L'entretien déontologique permet de faire un certain nombre de rappels, notamment dans des situations, que j'ai pu connaître, où un magistrat est l'époux d'un avocat qui exerce dans le même ressort ou d'un officier de police judiciaire. Il faut alors veiller à maintenir une étanchéité. Ce ne sont pas des cas d'école, mais des situations que l'on rencontre au quotidien et qu'il faut gérer le mieux possible pour éviter les difficultés. Mais je vous accorde que ce n'est pas toujours simple, notamment dans des petits ressorts.
S'agissant de la remontée d'informations, vous avez insisté sur votre indépendance en précisant que vous étiez maître de son contenu, de son opportunité ainsi que du moment où elle est effectuée et qu'elle ne comportait ni indications sur les actes à venir ni pièces de procédure.
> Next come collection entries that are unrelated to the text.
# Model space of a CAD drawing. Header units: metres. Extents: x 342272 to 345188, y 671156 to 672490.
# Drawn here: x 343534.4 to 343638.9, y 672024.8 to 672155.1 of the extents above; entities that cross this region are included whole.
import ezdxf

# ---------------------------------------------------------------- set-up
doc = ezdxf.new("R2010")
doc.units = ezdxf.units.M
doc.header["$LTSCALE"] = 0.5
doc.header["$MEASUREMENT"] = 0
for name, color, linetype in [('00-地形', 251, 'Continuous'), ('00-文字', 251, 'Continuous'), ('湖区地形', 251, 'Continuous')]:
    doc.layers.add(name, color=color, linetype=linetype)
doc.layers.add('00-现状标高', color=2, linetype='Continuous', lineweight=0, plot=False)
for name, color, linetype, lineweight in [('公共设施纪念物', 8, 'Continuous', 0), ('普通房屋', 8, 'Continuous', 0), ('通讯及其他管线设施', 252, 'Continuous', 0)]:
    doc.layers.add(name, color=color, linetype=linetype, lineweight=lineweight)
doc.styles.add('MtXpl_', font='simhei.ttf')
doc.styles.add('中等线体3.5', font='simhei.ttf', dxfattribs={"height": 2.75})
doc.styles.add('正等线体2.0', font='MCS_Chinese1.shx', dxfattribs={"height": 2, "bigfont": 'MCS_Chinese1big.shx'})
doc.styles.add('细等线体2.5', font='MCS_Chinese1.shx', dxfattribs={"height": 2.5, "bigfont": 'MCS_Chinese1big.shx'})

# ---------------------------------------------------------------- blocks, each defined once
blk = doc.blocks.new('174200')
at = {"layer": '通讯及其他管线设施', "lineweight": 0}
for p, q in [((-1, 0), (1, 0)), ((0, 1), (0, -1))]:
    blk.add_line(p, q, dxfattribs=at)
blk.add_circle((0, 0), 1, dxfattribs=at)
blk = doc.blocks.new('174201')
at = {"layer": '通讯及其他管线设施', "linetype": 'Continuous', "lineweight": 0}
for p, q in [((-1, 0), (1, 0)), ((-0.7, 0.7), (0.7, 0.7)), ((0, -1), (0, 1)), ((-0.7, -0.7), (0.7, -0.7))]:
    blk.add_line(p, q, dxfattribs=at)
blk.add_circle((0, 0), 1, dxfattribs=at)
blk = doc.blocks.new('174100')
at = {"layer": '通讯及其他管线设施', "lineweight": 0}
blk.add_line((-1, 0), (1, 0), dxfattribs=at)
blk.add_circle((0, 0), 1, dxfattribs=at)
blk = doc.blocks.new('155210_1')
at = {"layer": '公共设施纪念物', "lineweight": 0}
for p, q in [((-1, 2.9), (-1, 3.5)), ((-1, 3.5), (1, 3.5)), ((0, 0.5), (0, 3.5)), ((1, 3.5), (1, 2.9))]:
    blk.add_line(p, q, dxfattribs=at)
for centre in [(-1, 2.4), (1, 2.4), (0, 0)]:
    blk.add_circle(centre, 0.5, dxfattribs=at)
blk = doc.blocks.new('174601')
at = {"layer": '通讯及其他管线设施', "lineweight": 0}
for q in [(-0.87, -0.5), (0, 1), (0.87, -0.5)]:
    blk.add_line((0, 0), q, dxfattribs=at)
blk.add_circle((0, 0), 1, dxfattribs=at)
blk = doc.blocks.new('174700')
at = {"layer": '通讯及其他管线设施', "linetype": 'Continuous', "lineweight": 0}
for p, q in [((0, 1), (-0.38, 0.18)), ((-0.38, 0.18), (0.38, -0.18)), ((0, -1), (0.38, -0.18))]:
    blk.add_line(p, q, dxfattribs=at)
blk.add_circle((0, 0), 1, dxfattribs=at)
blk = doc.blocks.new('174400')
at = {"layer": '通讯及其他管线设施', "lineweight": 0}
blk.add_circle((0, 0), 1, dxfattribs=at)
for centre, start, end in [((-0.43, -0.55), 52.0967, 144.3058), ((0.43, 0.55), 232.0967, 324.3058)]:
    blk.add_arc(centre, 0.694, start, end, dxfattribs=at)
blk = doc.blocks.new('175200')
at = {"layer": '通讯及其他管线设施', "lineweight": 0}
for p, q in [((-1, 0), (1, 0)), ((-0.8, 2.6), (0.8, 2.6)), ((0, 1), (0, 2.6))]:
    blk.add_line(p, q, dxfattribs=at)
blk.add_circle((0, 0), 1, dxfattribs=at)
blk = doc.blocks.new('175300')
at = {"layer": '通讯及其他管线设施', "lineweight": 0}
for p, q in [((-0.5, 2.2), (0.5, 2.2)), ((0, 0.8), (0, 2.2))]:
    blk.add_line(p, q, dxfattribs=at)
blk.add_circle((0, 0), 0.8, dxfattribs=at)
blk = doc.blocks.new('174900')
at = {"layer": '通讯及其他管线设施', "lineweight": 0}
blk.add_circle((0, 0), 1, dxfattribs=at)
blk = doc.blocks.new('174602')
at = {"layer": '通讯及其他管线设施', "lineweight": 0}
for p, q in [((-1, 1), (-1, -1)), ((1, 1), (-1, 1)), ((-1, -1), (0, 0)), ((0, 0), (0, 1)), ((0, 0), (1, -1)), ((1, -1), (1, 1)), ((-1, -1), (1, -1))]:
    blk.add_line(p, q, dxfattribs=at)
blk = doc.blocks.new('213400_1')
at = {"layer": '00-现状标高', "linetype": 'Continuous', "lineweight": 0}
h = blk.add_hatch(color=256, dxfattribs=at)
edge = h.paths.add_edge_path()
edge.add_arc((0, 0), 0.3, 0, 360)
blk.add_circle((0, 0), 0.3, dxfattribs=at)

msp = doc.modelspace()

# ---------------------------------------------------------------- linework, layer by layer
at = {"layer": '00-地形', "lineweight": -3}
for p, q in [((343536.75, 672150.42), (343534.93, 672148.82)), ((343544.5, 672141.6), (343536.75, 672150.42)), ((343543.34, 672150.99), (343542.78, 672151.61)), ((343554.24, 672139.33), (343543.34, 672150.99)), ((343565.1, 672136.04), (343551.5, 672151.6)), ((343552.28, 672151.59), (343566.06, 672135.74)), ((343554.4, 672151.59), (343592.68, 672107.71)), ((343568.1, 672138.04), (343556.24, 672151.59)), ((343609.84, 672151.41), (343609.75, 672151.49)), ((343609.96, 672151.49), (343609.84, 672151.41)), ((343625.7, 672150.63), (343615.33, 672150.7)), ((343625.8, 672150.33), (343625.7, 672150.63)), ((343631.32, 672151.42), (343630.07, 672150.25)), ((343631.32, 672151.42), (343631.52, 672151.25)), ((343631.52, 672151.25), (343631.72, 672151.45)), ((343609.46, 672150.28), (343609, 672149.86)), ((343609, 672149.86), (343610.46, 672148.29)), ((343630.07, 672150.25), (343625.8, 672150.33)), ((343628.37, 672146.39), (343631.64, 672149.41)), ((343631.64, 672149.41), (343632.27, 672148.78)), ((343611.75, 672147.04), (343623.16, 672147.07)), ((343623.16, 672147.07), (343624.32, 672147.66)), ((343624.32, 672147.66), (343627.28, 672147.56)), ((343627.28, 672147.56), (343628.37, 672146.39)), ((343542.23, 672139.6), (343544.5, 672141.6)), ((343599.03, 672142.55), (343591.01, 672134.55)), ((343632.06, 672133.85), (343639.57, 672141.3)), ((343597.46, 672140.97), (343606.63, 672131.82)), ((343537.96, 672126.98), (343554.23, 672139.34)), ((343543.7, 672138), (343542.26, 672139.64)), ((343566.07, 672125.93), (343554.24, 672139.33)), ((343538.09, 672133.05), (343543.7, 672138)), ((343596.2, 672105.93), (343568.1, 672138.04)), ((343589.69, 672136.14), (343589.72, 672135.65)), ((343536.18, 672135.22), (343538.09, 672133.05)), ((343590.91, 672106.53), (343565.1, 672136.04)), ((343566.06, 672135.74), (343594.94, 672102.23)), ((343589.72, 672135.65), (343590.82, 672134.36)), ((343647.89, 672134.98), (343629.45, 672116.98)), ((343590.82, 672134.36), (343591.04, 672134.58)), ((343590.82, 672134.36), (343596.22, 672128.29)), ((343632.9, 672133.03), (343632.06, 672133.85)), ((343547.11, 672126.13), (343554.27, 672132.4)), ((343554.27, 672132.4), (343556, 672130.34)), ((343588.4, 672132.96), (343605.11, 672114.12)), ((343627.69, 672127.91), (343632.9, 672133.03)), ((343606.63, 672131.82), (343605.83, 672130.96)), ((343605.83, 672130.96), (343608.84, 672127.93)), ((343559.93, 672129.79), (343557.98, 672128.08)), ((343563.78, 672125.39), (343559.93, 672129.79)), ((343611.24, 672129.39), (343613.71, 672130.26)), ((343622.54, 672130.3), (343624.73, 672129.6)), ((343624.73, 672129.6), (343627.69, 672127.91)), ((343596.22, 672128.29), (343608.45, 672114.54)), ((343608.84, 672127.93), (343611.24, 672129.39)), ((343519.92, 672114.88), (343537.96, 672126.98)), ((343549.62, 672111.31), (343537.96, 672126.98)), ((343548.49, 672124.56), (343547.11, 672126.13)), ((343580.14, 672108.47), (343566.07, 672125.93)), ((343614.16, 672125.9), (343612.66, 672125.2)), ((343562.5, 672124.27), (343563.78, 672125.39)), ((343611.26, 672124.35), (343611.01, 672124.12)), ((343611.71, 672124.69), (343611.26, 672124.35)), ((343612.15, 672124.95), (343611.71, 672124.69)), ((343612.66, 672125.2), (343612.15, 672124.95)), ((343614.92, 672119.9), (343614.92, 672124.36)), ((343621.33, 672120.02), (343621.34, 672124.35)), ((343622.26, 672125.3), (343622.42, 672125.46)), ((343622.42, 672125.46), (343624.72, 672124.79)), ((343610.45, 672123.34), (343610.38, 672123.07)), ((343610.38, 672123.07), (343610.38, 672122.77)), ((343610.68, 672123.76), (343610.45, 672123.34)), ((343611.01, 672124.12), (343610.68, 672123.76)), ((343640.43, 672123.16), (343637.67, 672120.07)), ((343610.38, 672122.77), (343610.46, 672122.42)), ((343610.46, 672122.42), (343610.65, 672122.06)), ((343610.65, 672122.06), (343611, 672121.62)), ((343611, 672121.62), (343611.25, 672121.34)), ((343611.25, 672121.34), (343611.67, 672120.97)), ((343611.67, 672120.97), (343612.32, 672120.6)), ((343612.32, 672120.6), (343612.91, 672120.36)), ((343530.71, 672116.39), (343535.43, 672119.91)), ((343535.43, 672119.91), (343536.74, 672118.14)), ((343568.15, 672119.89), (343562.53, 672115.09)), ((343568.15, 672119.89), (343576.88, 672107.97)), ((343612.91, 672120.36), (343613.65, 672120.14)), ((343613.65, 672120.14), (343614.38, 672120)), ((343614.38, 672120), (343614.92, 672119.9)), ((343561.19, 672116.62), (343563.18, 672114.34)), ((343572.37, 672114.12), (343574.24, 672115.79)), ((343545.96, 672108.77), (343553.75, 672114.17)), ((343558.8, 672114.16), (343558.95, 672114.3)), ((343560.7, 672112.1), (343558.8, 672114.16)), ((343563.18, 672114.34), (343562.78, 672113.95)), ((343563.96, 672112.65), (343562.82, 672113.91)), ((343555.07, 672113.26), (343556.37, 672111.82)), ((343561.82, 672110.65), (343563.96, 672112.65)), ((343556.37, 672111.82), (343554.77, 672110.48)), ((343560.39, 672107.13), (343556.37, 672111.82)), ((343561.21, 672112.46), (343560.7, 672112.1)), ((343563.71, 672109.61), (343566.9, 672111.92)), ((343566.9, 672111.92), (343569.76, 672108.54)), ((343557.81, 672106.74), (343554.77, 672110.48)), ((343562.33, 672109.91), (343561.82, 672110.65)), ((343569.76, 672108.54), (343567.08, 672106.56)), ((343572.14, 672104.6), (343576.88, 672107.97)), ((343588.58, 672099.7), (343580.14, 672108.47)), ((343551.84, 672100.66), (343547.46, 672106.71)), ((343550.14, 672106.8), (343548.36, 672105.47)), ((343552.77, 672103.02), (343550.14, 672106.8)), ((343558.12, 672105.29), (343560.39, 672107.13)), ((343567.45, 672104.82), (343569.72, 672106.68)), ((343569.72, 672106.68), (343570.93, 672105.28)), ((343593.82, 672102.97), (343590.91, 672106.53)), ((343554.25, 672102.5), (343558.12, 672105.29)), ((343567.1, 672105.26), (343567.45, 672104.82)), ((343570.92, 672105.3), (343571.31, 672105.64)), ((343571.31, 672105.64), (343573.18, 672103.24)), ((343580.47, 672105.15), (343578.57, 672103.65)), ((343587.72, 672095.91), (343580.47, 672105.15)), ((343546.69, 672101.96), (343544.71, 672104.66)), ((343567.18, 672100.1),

Or, cela peut susciter des interrogations. Puisque vous mettez en œuvre la politique pénale, quel est l'intérêt de vider d'une partie de sa substance le dossier dont vous remontez les informations ? Par ailleurs – c'est un peu l'objet de notre commission –, qu'en est-il de « la redescente », c'est-à-dire des instructions ? Certes, dans les dossiers individuels, celles-ci n'existent pas mais, comme tout ce qui n'existe pas, cela nous intéresse. On a vu que certains bénéficiaires de la remontée d'informations pouvaient être mis en cause. Avez-vous eu à connaître ou avez-vous été confrontés à des instructions, qu'elles soient individuelles ou d'ordre général, dans l'exercice de vos fonctions ?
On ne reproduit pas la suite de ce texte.